上 下
92 / 119
第六章 ダンジョン編

第86話 持ってる男

しおりを挟む
 中央大陸の北西に位置する都市ヨゴオートノ。娯楽や催し物が盛んであることから興行都市とも呼ばれている。

 今は亡き元国王ヨーゴは興行好きであった。身を引いた後は災害から復興したあとの娯楽を考えた事業を興すことに注力していた。
 ヨーゴが考えたのは発掘された迷宮を利用したダンジョン計画だ。

 迷宮内の各所に財宝を設置するまでは良かった。冒険好きが集まるだろう。だが、それだけでは面白くないと考えたヨーゴは劣悪な環境に強い植物の種を迷宮の至る所にまき、植物が育ち始めると生け捕りにした動物を迷宮内に解き放った。
 水場は地底湖など元からある。あとは自然の摂理に任せるだけだ。
 冒険者が迷っても水があり、植物、動物が生息する環境ならばしばらくは生き残れるだろうという考えだった。
 やがてヨーゴはとんでもないことをしでかしたと気づいた。迷宮内でもスライムが発生し出したのだ。
 その後、迷宮からモンスターが湧き出るようになり迷宮への入り口は封鎖された。

 ヨーゴの計画は頓挫したかに思えたが抗魔玉の力を伝達する武器の登場で風向きが変わった。武器があればモンスターを容易に倒せる。モンスターが落とす魔石や素材は金になる。
 計画頓挫から十数年後、ヨーゴは迷宮をダンジョンとして解放する事にした。

 南西側にある2つの迷宮はダンジョン1、ダンジョン2
 北東側にある2つの迷宮はダンジョン3、ダンジョン4

 数字が大きいダンジョンがよりモンスターが多く危険度が高い。今ではダンジョン1、2の中間、ダンジョン3,4の中間に小さな宿場町ができていてダンジョンに挑む討伐者は大抵そこに集まっている。

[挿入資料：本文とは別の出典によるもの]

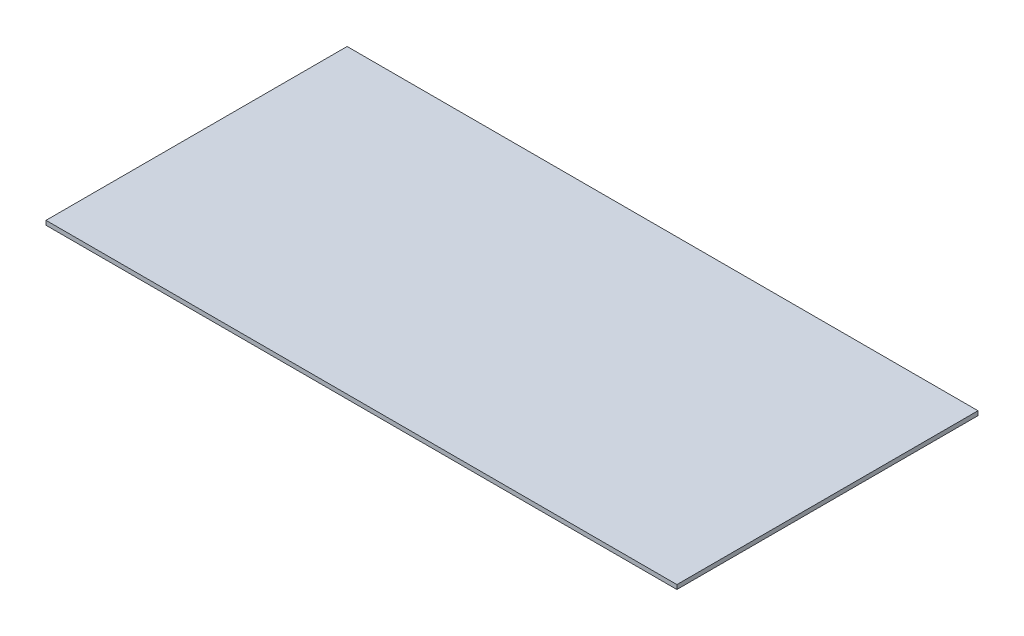
SolidWorks part; units mm, degrees
material "ABS PC"
ref_plane "Front Plane" through (0, 0, 0) normal (0, 0, 1) x (1, 0, 0)
ref_plane "Top Plane" through (0, 0, 0) normal (0, 1, 0) x (1, 0, 0)
ref_plane "Right Plane" through (0, 0, 0) normal (1, 0, 0) x (0, 0, -1)
sketch "Sketch1" plane through (0, 0, 0) normal (0, 1, 0) x (1, 0, 0)
  line L1 (0, 0) -> (880, 0)
  line L2 (0, 0) -> (0, 420)
  line L3 (0, 420) -> (880, 420)
  line L4 (880, 0) -> (880, 420)
  dimension "D1" = 880
  dimension "D2" = 420
extrude "Boss-Extrude1" add sketch "Sketch1" along normal blind 6
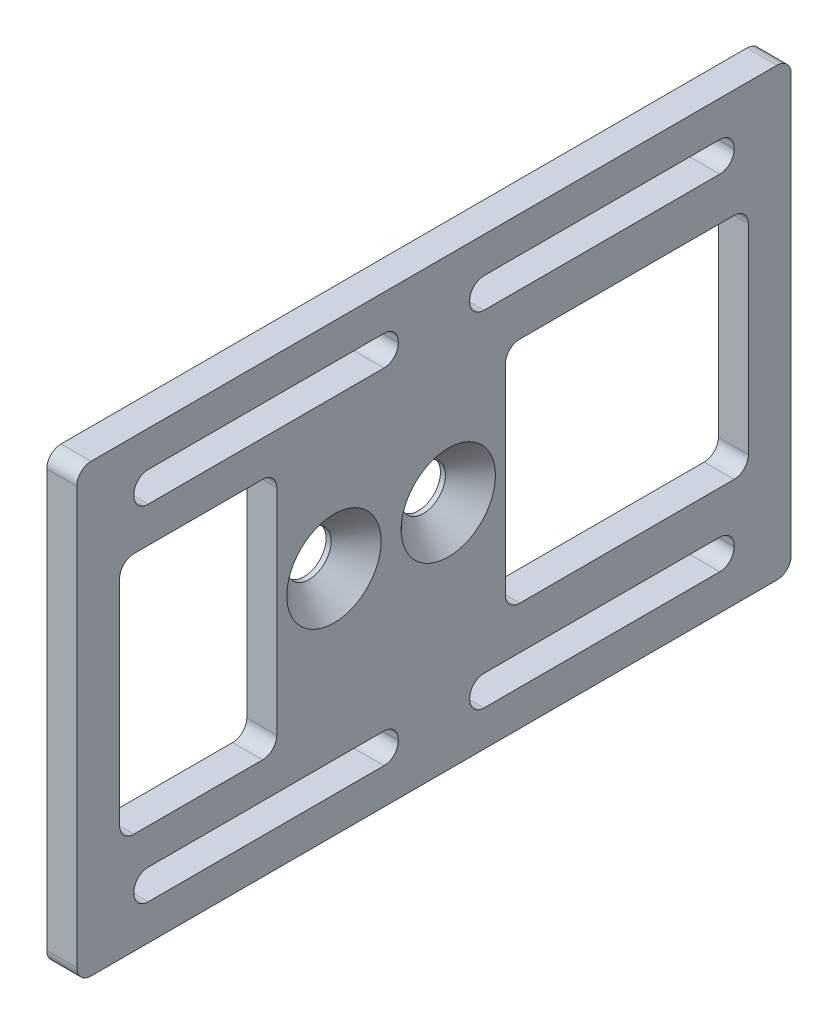
SolidWorks part; units mm, degrees
material "环氧树脂板"
ref_plane "前视基准面" through (0, 0, 0) normal (0, 0, 1) x (1, 0, 0)
ref_plane "上视基准面" through (0, 0, 0) normal (0, 1, 0) x (1, 0, 0)
ref_plane "右视基准面" through (0, 0, 0) normal (1, 0, 0) x (0, 0, -1)
sketch "草图1" plane through (0, 0, 0) normal (1, 0, 0) x (0, 0, -1)
  line L0 (7, -0.6) -> (7, 4.8493) construction
  line L1 (32, -16.2) -> (-18, -16.2)
  line L2 (32, -16.2) -> (32, 15)
  line L3 (32, 15) -> (-18, 15)
  line L4 (-18, -16.2) -> (-18, 15)
  line L5 (32, -16.2) -> (-18, 15) construction
  line L6 (32, 15) -> (-18, -16.2) construction
  line L7 (4.5, 10.4) -> (-14, 10.4)
  line L8 (4.5, 10.4) -> (4.5, 12.5)
  line L9 (4.5, 12.5) -> (-14, 12.5)
  line L10 (-14, 10.4) -> (-14, 12.5)
  line L11 (4.5, 10.4) -> (-14, 12.5) construction
  line L12 (4.5, 12.5) -> (-14, 10.4) construction
  line L13 (9.5, 12.5) -> (28, 12.5)
  line L14 (28, 10.4) -> (28, 12.5)
  line L15 (9.5, 10.4) -> (28, 10.4)
  line L16 (9.5, 10.4) -> (9.5, 12.5)
  line L17 (13.6573, -0.6) -> (-5.4908, -0.6) construction
  line L18 (9.5, -11.6) -> (9.5, -13.7)
  line L19 (9.5, -11.6) -> (28, -11.6)
  line L20 (28, -11.6) -> (28, -13.7)
  line L21 (9.5, -13.7) -> (28, -13.7)
  line L22 (4.5, -13.7) -> (-14, -13.7)
  line L23 (-14, -11.6) -> (-14, -13.7)
  line L24 (4.5, -11.6) -> (-14, -11.6)
  line L25 (4.5, -11.6) -> (4.5, -13.7)
  line L38 (4.5, -13.7) -> (4.5, -17.7) construction
  line L40 (29, -8.6) -> (12, -8.6)
  line L41 (29, -8.6) -> (29, 7.4)
  line L42 (29, 7.4) -> (12, 7.4)
  line L43 (12, -8.6) -> (12, 7.4)
  line L44 (29, -8.6) -> (12, 7.4) construction
  line L45 (29, 7.4) -> (12, -8.6) construction
  line L46 (-4, -9.1) -> (-15, -9.1)
  line L47 (-4, -9.1) -> (-4, 7.9)
  line L48 (-4, 7.9) -> (-15, 7.9)
  line L49 (-15, -9.1) -> (-15, 7.9)
  line L50 (-4, -9.1) -> (-15, 7.9) construction
  line L51 (-4, 7.9) -> (-15, -9.1) construction
  circle A0 centre (0, 0) radius 1.55
  circle A1 centre (8, 0) radius 1.55
  point P5 (-4.75, 11.45)
  point P6 (7, -0.6)
  point P31 (20.5, -0.6)
  point P46 (-9.5, -0.6)
  dimension "D2" = 3.1
  dimension "D1" = 8
  dimension "D3" = 18
  dimension "D4" = 15
  dimension "D5" = 50
  dimension "D6" = 4
  dimension "D7" = 5
  dimension "D8" = 2.1
  dimension "D9" = 2.5
  dimension "D10" = 22
  dimension "D14" = 4
  dimension "D15" = 3
  dimension "D16" = 3
  dimension "D17" = 3
  dimension "D18" = 2.5
  dimension "D19" = 2.5
  dimension "D20" = 4
  dimension "D11" = 2.5
extrude "凸台-拉伸1" add sketch "草图1" along normal blind 2.1
hole_wizard "打孔尺寸(%根据十字)槽沉头木螺钉的类型1" positions "3D草图1" profile "草图2" countersink size "M3" standard "GB" end condition through all
sketch3d "3D草图1"
  line L0 (2.1, 0, 0) -> (0, 0, 0) construction
  line L1 (2.1, 0, -8) -> (0, 0, -8) construction
  point P0 (2.1, 0, 0)
  point P4 (2.1, 0, -8)
sketch "草图2" plane through (2.1, 0, 0) normal (0, 1, 0) x (0, 0, -1)
  line L0 (0, 0) -> (0, 2.1)
  line L1 (0, 2.1) -> (1.55, 2.1)
  line L2 (1.55, 2.1) -> (1.55, 1.75)
  line L3 (1.55, 1.75) -> (3.3, 0)
  line L5 (3.3, 0) -> (0, 0)
  line L6 (-1.55, 1.75) -> (-3.3, 0) construction
  line L11 (0, -6.35) -> (0, 107.95) construction
  dimension "通孔孔直径" = 3.1
  dimension "通孔孔深度" = 2.1
  dimension "近端锥形沉头孔直径" = 6.6
  dimension "近端锥形沉头孔角度" = 90
fillet "圆角1" radius 1 28 edges at (1.05, -9.1, 4) (1.05, 7.9, 4) (1.05, 7.9, 15) (1.05, -9.1, 15) (1.05, -8.6, -29) (1.05, 7.4, -29) (1.05, 7.4, -12) (1.05, -8.6, -12) (1.05, -11.6, 14) (1.05, -13.7, 14) (1.05, -13.7, -4.5) (1.05, -11.6, -4.5) (1.05, -13.7, -9.5) (1.05, -13.7, -28) (1.05, -11.6, -28) (1.05, -11.6, -9.5) (1.05, 10.4, -28) (1.05, 12.5, -28) (1.05, 12.5, -9.5) (1.05, 10.4, -9.5) (1.05, 10.4, -4.5) (1.05, 12.5, -4.5) (1.05, 12.5, 14) (1.05, 10.4, 14) (1.05, 15, 18) (1.05, 15, -32) (1.05, -16.2, -32) (1.05, -16.2, 18)

 現在、ダンジョンを管理する興行主は元国王ヨーゴの意思を強く引き継いでいる子孫のレヨゴという人物だ。都市の中枢機関はレヨゴが元王家だと知っているので強く苦言できない。実際、ダンジョン興行は上手くいっていて、他の土地からも噂を聞いた討伐者がダンジョン目当てで多く集まって来ている。文句のつけようがない。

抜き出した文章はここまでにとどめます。